Settle with staffing agency, go on to sue its client.
Can an employee bring a wage and hour class action against an employer staffing agency, settle, and then bring a second class action against the staffing agency’s client, premised on the same alleged violations?
The California Supreme Court says yes, where the client company was neither a party to the first lawsuit nor a named released party in the settlement.
Lawsuit No. 1
Staffing agency FlexCare, LLC, employed Plaintiff Lynn Grande as a nurse and assigned her to work at Eisenhower Medical Center for about one week in 2012. Ms. Grande alleged that EMC and FlexCare violated certain wage and hour laws, and she sued FlexCare. Ms. Grande represented “all persons who . . . were non-exempt nursing employees of [FlexCare] employed in California.”
The parties later settled, and FlexCare agreed to pay no more than $750,000. Once the settlement amount was paid, the court “barred and enjoined” all class members “from prosecuting” certain claims “against the Released Parties,” defined as follows:
FlexCare, LLC, . . . [several individuals], and all present and former subsidiaries, affiliates, divisions, related or affiliated companies, parent companies, franchisors, franchisees, shareholders, and attorneys, and their respective officers, directors, employees, administrators, fiduciaries, trustees and agents, and each of their past, present and future officers, directors, shareholders, employees, agents, principals, heirs, representatives, accountants, auditors, consultants, insurers and reinsurers, and their counsel of record.
EMC was not a party to the class action lawsuit, nor was it explicitly named in the settlement agreement.
Lawsuit No. 2
The following year, Ms. Grande sued EMC as an alleged joint employer with FlexCare, asserting the same claims she had asserted against the agency but defining the putative class as all nonexempt employees of the hospital placed by any staffing agency. FlexCare moved to intervene, and both FlexCare and EMC argued that the judgment in the first lawsuit released EMC and barred Ms. Grande’s second lawsuit.

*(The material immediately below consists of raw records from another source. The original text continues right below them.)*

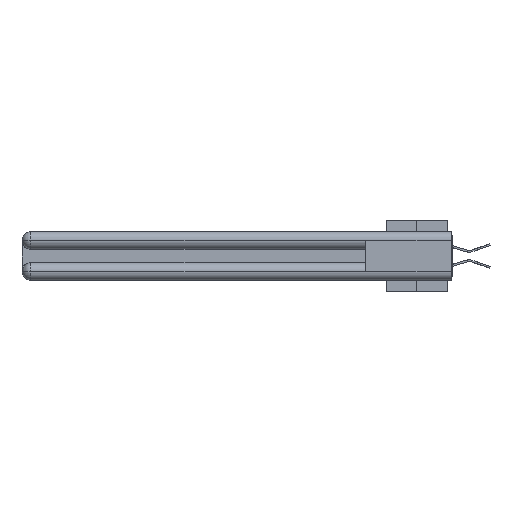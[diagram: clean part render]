
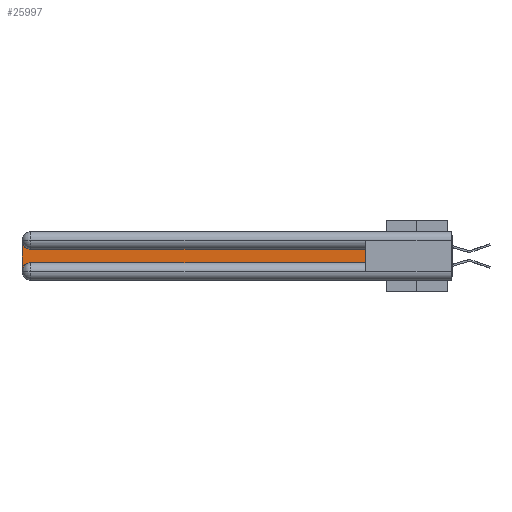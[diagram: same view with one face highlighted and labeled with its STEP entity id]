
A CAD part, left-side view. The second image highlights one B-rep face of the part: STEP entity #25997.
In plain terms, the highlighted planar face has unit normal (-1, 0, 0).
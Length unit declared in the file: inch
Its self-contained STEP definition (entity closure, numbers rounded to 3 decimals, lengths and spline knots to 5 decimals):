
#1605 = ORIENTED_EDGE ( 'NONE', *, *, #33749, .T. ) ;
#2723 = CIRCLE ( 'NONE', #38086, 0.06 ) ;
#3207 = PLANE ( 'NONE',  #42552 ) ;
#3259 = CARTESIAN_POINT ( 'NONE',  ( 0.075, 3., -0.2775 ) ) ;
#3380 = VERTEX_POINT ( 'NONE', #22509 ) ;
#3563 = CARTESIAN_POINT ( 'NONE',  ( 0.075, 3., -0.0625 ) ) ;
#3641 = LINE ( 'NONE', #18904, #16825 ) ;
#4157 = DIRECTION ( 'NONE',  ( 0., 0., 1. ) ) ;
#5312 = EDGE_CURVE ( 'NONE', #40675, #32751, #22321, .T. ) ;
#6057 = EDGE_CURVE ( 'NONE', #32374, #3380, #13265, .T. ) ;
#6319 = CARTESIAN_POINT ( 'NONE',  ( 0.075, 2.94, -0.2775 ) ) ;
#6828 = DIRECTION ( 'NONE',  ( 0., 0., -1. ) ) ;
#7336 = EDGE_CURVE ( 'NONE', #32751, #14574, #21524, .T. ) ;
#10454 = CARTESIAN_POINT ( 'NONE',  ( 0.075, 3., -0.2175 ) ) ;
#11583 = ORIENTED_EDGE ( 'NONE', *, *, #5312, .T. ) ;
#13265 = LINE ( 'NONE', #35275, #38992 ) ;
#14574 = VERTEX_POINT ( 'NONE', #38996 ) ;
#15489 = CARTESIAN_POINT ( 'NONE',  ( 0.075, 0.6, -0.2175 ) ) ;
#16825 = VECTOR ( 'NONE', #4157, 39.37008 ) ;
#17443 = EDGE_LOOP ( 'NONE', ( #26141, #21819, #33698, #11583, #29853, #1605 ) ) ;
#18904 = CARTESIAN_POINT ( 'NONE',  ( 0.075, 0.6, -0.2175 ) ) ;
#19693 = EDGE_CURVE ( 'NONE', #3380, #46528, #2723, .T. ) ;
#19947 = CARTESIAN_POINT ( 'NONE',  ( 0.075, 0.6, -0.1225 ) ) ;
#21364 = CARTESIAN_POINT ( 'NONE',  ( 0.075, 2.94, -0.2175 ) ) ;
#21524 = LINE ( 'NONE', #15489, #47305 ) ;
#21819 = ORIENTED_EDGE ( 'NONE', *, *, #19693, .T. ) ;
#22250 = DIRECTION ( 'NONE',  ( 1., 0., 0. ) ) ;
#22321 = CIRCLE ( 'NONE', #24536, 0.06 ) ;
#22509 = CARTESIAN_POINT ( 'NONE',  ( 0.075, 2.94, -0.1225 ) ) ;
#24536 = AXIS2_PLACEMENT_3D ( 'NONE', #6319, #44843, #33089 ) ;
#25844 = VECTOR ( 'NONE', #45282, 39.37008 ) ;
#25997 = ADVANCED_FACE ( 'NONE', ( #32987 ), #3207, .F. ) ;
#26141 = ORIENTED_EDGE ( 'NONE', *, *, #6057, .T. ) ;
#29853 = ORIENTED_EDGE ( 'NONE', *, *, #7336, .T. ) ;
#30847 = DIRECTION ( 'NONE',  ( 0., -1., 0. ) ) ;
#32374 = VERTEX_POINT ( 'NONE', #19947 ) ;
#32751 = VERTEX_POINT ( 'NONE', #21364 ) ;
#32987 = FACE_OUTER_BOUND ( 'NONE', #17443, .T. ) ;
#33089 = DIRECTION ( 'NONE',  ( 0., 0., -1. ) ) ;
#33698 = ORIENTED_EDGE ( 'NONE', *, *, #42235, .T. ) ;
#33749 = EDGE_CURVE ( 'NONE', #14574, #32374, #3641, .T. ) ;
#33844 = DIRECTION ( 'NONE',  ( 1., 0., 0. ) ) ;
#35275 = CARTESIAN_POINT ( 'NONE',  ( 0.075, 0.6, -0.1225 ) ) ;
#35432 = DIRECTION ( 'NONE',  ( 0., 1., 0. ) ) ;
#36025 = LINE ( 'NONE', #10454, #25844 ) ;
#37457 = CARTESIAN_POINT ( 'NONE',  ( 0.075, 2.94, -0.0625 ) ) ;
#38086 = AXIS2_PLACEMENT_3D ( 'NONE', #37457, #22250, #6828 ) ;
#38992 = VECTOR ( 'NONE', #35432, 39.37008 ) ;
#38996 = CARTESIAN_POINT ( 'NONE',  ( 0.075, 0.6, -0.2175 ) ) ;
#40675 = VERTEX_POINT ( 'NONE', #3259 ) ;
#41570 = CARTESIAN_POINT ( 'NONE',  ( 0.075, 3., -0.1225 ) ) ;
#42235 = EDGE_CURVE ( 'NONE', #46528, #40675, #36025, .T. ) ;
#42552 = AXIS2_PLACEMENT_3D ( 'NONE', #41570, #33844, #46800 ) ;
#44843 = DIRECTION ( 'NONE',  ( 1., 0., 0. ) ) ;
#45282 = DIRECTION ( 'NONE',  ( 0., 0., -1. ) ) ;
#46528 = VERTEX_POINT ( 'NONE', #3563 ) ;
#46800 = DIRECTION ( 'NONE',  ( 0., 0., -1. ) ) ;
#47305 = VECTOR ( 'NONE', #30847, 39.37008 ) ;

The courts agree: EMC was not released
The trial court ruled in favor of Ms. Grande on the following grounds:
- The settlement agreement did not explicitly refer to EMC in the list of released parties.
- FlexCare was not “in privity” with EMC, thereby preventing EMC from relying on the judgment in the first lawsuit to preclude the second lawsuit.
- There was no support for derivative liability to preclude Ms. Grande’s second lawsuit.
The California Court of Appeal affirmed, and the matter went to the state Supreme Court. In affirming the Court of Appeal, the Supreme Court said that FlexCare’s and EMC’s “divergent interests” meant that they were not “in privity,” which “requires the sharing of an identity or community of interest, with adequate representation of that interest in the first suit, and circumstances such that the nonparty should reasonably have expected to be bound by the first suit.”
In other words, the class action against EMC will proceed.
Employers in "joint employment" relationships should certainly be aware of Grande and do what they can to protect themselves. But the situation is not hopeless.
- Grande may not apply to everybody. Although the Grande decision has significant implications for joint employers – and, specifically, staffing agencies and their clients – it explicitly states that “our decision on this issue is fact and case specific,” suggesting that the Court’s holding will not necessarily apply in all cases.
- There's an easy fix, for joint employers who haven't already settled. In the release language of their settlement agreements, employers should consider identifying as “released parties” all entities who may be considered joint employers, where feasible and appropriate, to ensure their settlement agreements cover and extend to all relevant and associated parties.